Publishers Weekly Reviews 2012 September #4

The Nobel Prize-winning Nigerian writer and activist offers a fascinating, urgent appraisal of Africa's relationship to the world, with Africa functioning as a conceptual construct as much as specific geopolitical, economic, or cultural realities. At a time of global crisis, Soyinka (Aké: The Years of Childhood) sees unique potential for Africa to act as a conduit for peace. Soyinka uses the 2001 Millennium Commission report on Africa spearheaded by former U.N. secretary-general Kofi Annan as a springboard to both assess critical problems and challenges--high-level corruption, interethnic fighting, famine, disease, religious and racial violence, and postcolonial economic dependency--and muse on a broader imperial discourse ("the past ‘fictioning' of Africa") that brings both Africa and, in particular, the West into a mutual, tenuous definition.
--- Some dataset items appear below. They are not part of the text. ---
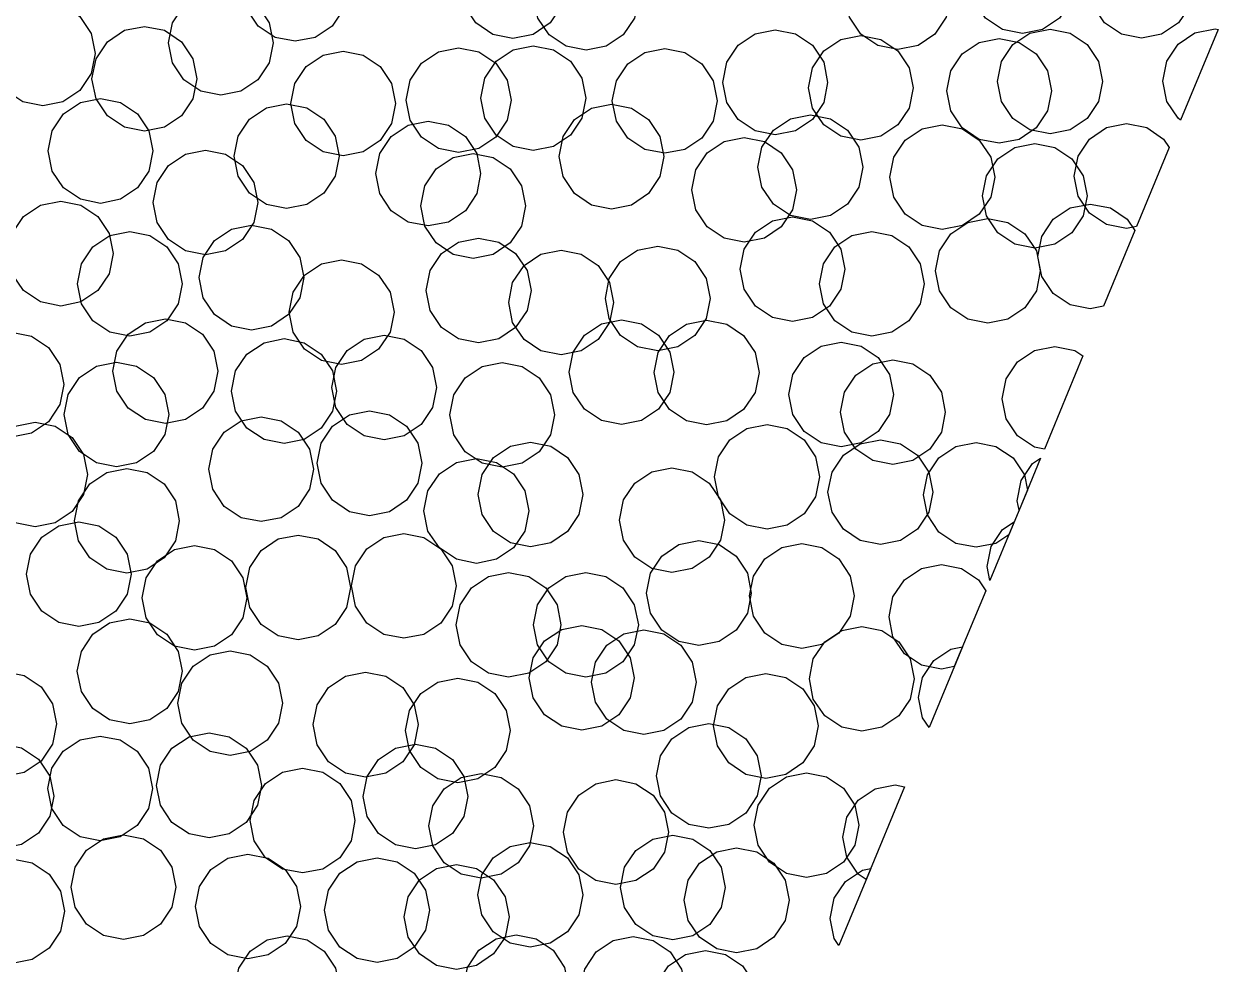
# Model space of a CAD drawing. Header units: millimetres. Extents: x -64 to 65, y -33 to 54.
# Drawn here: x -24.71 to -11.04, y 2.4 to 13.17 of the extents above; entities that cross this region are included whole.
import ezdxf

# ---------------------------------------------------------------- set-up
doc = ezdxf.new("R2010")
doc.units = ezdxf.units.MM

msp = doc.modelspace()

# ---------------------------------------------------------------- linework, layer by layer
for points in [[(-12.721, 13.435), (-12.851, 13.241), (-13.046, 13.111), (-13.275, 13.065), (-13.505, 13.111), (-13.699, 13.241), (-13.83, 13.435), (-13.875, 13.665), (-13.83, 13.894), (-13.699, 14.089), (-13.505, 14.219), (-13.275, 14.265), (-13.046, 14.219), (-12.851, 14.089), (-12.721, 13.894), (-12.675, 13.665), (-12.721, 13.435)], [(-21.052, 13.345), (-21.183, 13.15), (-21.377, 13.02), (-21.607, 12.975), (-21.836, 13.02), (-22.031, 13.15), (-22.161, 13.345), (-22.207, 13.575), (-22.161, 13.804), (-22.031, 13.999), (-21.836, 14.129), (-21.607, 14.175), (-21.377, 14.129), (-21.183, 13.999), (-21.052, 13.804), (-21.007, 13.575), (-21.052, 13.345)], [(-18.557, 13.38), (-18.687, 13.185), (-18.882, 13.055), (-19.112, 13.009), (-19.341, 13.055), (-19.536, 13.185), (-19.666, 13.38), (-19.712, 13.609), (-19.666, 13.839), (-19.536, 14.034), (-19.341, 14.164), (-19.112, 14.209), (-18.882, 14.164), (-18.687, 14.034), (-18.557, 13.839), (-18.512, 13.609), (-18.557, 13.38)], [(-11.358, 13.381), (-11.488, 13.187), (-11.683, 13.057), (-11.912, 13.011), (-12.142, 13.057), (-12.337, 13.187), (-12.467, 13.381), (-12.512, 13.611), (-12.467, 13.84), (-12.337, 14.035), (-12.142, 14.165), (-11.912, 14.211), (-11.683, 14.165), (-11.488, 14.035), (-11.358, 13.84), (-11.312, 13.611), (-11.358, 13.381)], [(-17.719, 13.242), (-17.849, 13.048), (-18.044, 12.918), (-18.273, 12.872), (-18.503, 12.918), (-18.697, 13.048), (-18.828, 13.242), (-18.873, 13.472), (-18.828, 13.701), (-18.697, 13.896), (-18.503, 14.026), (-18.273, 14.072), (-18.044, 14.026), (-17.849, 13.896), (-17.719, 13.701), (-17.673, 13.472), (-17.719, 13.242)], [(-14.149, 13.251), (-14.279, 13.057), (-14.473, 12.927), (-14.703, 12.881), (-14.933, 12.927), (-15.127, 13.057), (-15.257, 13.251), (-15.303, 13.481), (-15.257, 13.711), (-15.127, 13.905), (-14.933, 14.035), (-14.703, 14.081), (-14.473, 14.035), (-14.279, 13.905), (-14.149, 13.711), (-14.103, 13.481), (-14.149, 13.251)], [(-21.904, 12.729), (-22.034, 12.535), (-22.228, 12.404), (-22.458, 12.359), (-22.688, 12.404), (-22.882, 12.535), (-23.012, 12.729), (-23.058, 12.959), (-23.012, 13.188), (-22.882, 13.383), (-22.688, 13.513), (-22.458, 13.559), (-22.228, 13.513), (-22.034, 13.383), (-21.904, 13.188), (-21.858, 12.959), (-21.904, 12.729)], [(-23.941, 12.605), (-24.071, 12.411), (-24.266, 12.281), (-24.495, 12.235), (-24.725, 12.281), (-24.919, 12.411), (-25.05, 12.605), (-25.095, 12.835), (-25.05, 13.065), (-24.919, 13.259), (-24.725, 13.389), (-24.495, 13.435), (-24.266, 13.389), (-24.071, 13.259), (-23.941, 13.065), (-23.895, 12.835), (-23.941, 12.605)], [(-22.779, 12.317), (-22.909, 12.122), (-23.103, 11.992), (-23.333, 11.946), (-23.562, 11.992), (-23.757, 12.122), (-23.887, 12.317), (-23.933, 12.546), (-23.887, 12.776), (-23.757, 12.971), (-23.562, 13.101), (-23.333, 13.146), (-23.103, 13.101), (-22.909, 12.971), (-22.779, 12.776), (-22.733, 12.546), (-22.779, 12.317)], [(-15.553, 12.276), (-15.683, 12.081), (-15.878, 11.951), (-16.108, 11.905), (-16.337, 11.951), (-16.532, 12.081), (-16.662, 12.276), (-16.708, 12.505), (-16.662, 12.735), (-16.532, 12.93), (-16.337, 13.06), (-16.108, 13.105), (-15.878, 13.06), (-15.683, 12.93), (-15.553, 12.735), (-15.508, 12.505), (-15.553, 12.276)], [(-14.574, 12.211), (-14.704, 12.017), (-14.899, 11.887), (-15.128, 11.841), (-15.358, 11.887), (-15.553, 12.017), (-15.683, 12.211), (-15.728, 12.441), (-15.683, 12.671), (-15.553, 12.865), (-15.358, 12.995), (-15.128, 13.041), (-14.899, 12.995), (-14.704, 12.865), (-14.574, 12.671), (-14.528, 12.441), (-14.574, 12.211)], [(-12.989, 12.177), (-13.119, 11.983), (-13.313, 11.852), (-13.543, 11.807), (-13.772, 11.852), (-13.967, 11.983), (-14.097, 12.177), (-14.143, 12.407), (-14.097, 12.636), (-13.967, 12.831), (-13.772, 12.961), (-13.543, 13.007), (-13.313, 12.961), (-13.119, 12.831), (-12.989, 12.636), (-12.943, 12.407), (-12.989, 12.177)], [(-12.407, 12.286), (-12.537, 12.092), (-12.732, 11.961), (-12.961, 11.916), (-13.191, 11.961), (-13.386, 12.092), (-13.516, 12.286), (-13.561, 12.516), (-13.516, 12.745), (-13.386, 12.94), (-13.191, 13.07), (-12.961, 13.116), (-12.732, 13.07), (-12.537, 12.94), (-12.407, 12.745), (-12.361, 12.516), (-12.407, 12.286)], [(-11.466, 12.073), (-11.495, 12.093), (-11.625, 12.287), (-11.671, 12.517), (-11.625, 12.746), (-11.495, 12.941), (-11.301, 13.071), (-11.071, 13.117), (-11.036, 13.11), (-11.466, 12.073)], [(-20.502, 12.033), (-20.632, 11.839), (-20.827, 11.709), (-21.056, 11.663), (-21.286, 11.709), (-21.481, 11.839), (-21.611, 12.033), (-21.656, 12.263), (-21.611, 12.492), (-21.481, 12.687), (-21.286, 12.817), (-21.056, 12.863), (-20.827, 12.817), (-20.632, 12.687), (-20.502, 12.492), (-20.456, 12.263), (-20.502, 12.033)], [(-19.18, 12.07), (-19.31, 11.876), (-19.504, 11.746), (-19.734, 11.7), (-19.963, 11.746), (-20.158, 11.876), (-20.288, 12.07), (-20.334, 12.3), (-20.288, 12.53), (-20.158, 12.724), (-19.963, 12.854), (-19.734, 12.9), (-19.504, 12.854), (-19.31, 12.724), (-19.18, 12.53), (-19.134, 12.3), (-19.18, 12.07)], [(-18.324, 12.094), (-18.454, 11.899), (-18.649, 11.769), (-18.879, 11.723), (-19.108, 11.769), (-19.303, 11.899), (-19.433, 12.094), (-19.479, 12.323), (-19.433, 12.553), (-19.303, 12.748), (-19.108, 12.878), (-18.879, 12.923), (-18.649, 12.878), (-18.454, 12.748), (-18.324, 12.553), (-18.279, 12.323), (-18.324, 12.094)], [(-16.819, 12.062), (-16.949, 11.867), (-17.144, 11.737), (-17.374, 11.692), (-17.603, 11.737), (-17.798, 11.867), (-17.928, 12.062), (-17.974, 12.292), (-17.928, 12.521), (-17.798, 12.716), (-17.603, 12.846), (-17.374, 12.892), (-17.144, 12.846), (-16.949, 12.716), (-16.819, 12.521), (-16.774, 12.292), (-16.819, 12.062)], [(-23.281, 11.489), (-23.411, 11.295), (-23.606, 11.165), (-23.835, 11.119), (-24.065, 11.165), (-24.259, 11.295), (-24.39, 11.489), (-24.435, 11.719), (-24.39, 11.949), (-24.259, 12.143), (-24.065, 12.273), (-23.835, 12.319), (-23.606, 12.273), (-23.411, 12.143), (-23.281, 11.949), (-23.235, 11.719), (-23.281, 11.489)], [(-21.149, 11.429), (-21.279, 11.234), (-21.474, 11.104), (-21.704, 11.059), (-21.933, 11.104), (-22.128, 11.234), (-22.258, 11.429), (-22.304, 11.659), (-22.258, 11.888), (-22.128, 12.083), (-21.933, 12.213), (-21.704, 12.259), (-21.474, 12.213), (-21.279, 12.083), (-21.149, 11.888), (-21.104, 11.659), (-21.149, 11.429)], [(-17.428, 11.425), (-17.559, 11.23), (-17.753, 11.1), (-17.983, 11.054), (-18.212, 11.1), (-18.407, 11.23), (-18.537, 11.425), (-18.583, 11.654), (-18.537, 11.884), (-18.407, 12.078), (-18.212, 12.208), (-17.983, 12.254), (-17.753, 12.208), (-17.559, 12.078), (-17.428, 11.884), (-17.383, 11.654), (-17.428, 11.425)], [(-19.527, 11.23), (-19.657, 11.035), (-19.852, 10.905), (-20.082, 10.86), (-20.311, 10.905), (-20.506, 11.035), (-20.636, 11.23), (-20.682, 11.46), (-20.636, 11.689), (-20.506, 11.884), (-20.311, 12.014), (-20.082, 12.06), (-19.852, 12.014), (-19.657, 11.884), (-19.527, 11.689), (-19.482, 11.46), (-19.527, 11.23)], [(-15.151, 11.304), (-15.281, 11.109), (-15.476, 10.979), (-15.706, 10.933), (-15.935, 10.979), (-16.13, 11.109), (-16.26, 11.304), (-16.306, 11.533), (-16.26, 11.763), (-16.13, 11.958), (-15.935, 12.088), (-15.706, 12.133), (-15.476, 12.088), (-15.281, 11.958), (-15.151, 11.763), (-15.106, 11.533), (-15.151, 11.304)], [(-13.641, 11.189), (-13.771, 10.994), (-13.965, 10.864), (-14.195, 10.818), (-14.425, 10.864), (-14.619, 10.994), (-14.749, 11.189), (-14.795, 11.418), (-14.749, 11.648), (-14.619, 11.843), (-14.425, 11.973), (-14.195, 12.018), (-13.965, 11.973), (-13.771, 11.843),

If Africa's contributions to history have been diminished in the cultural and intellectual valuations of outsiders, it remains an untapped resource of human material, intellectual, and spiritual energies capable of contributing to a world beset by violent binaries. Pitched to a general reader but with implications for specialists as well, this is necessarily big thinking laced with the subtle insights and analogies of a gifted writer, and a stirring defense of the "spiritual aspirations" of human beings for freedom and peace. Agent: Melanie Jackson Agency. (Nov.)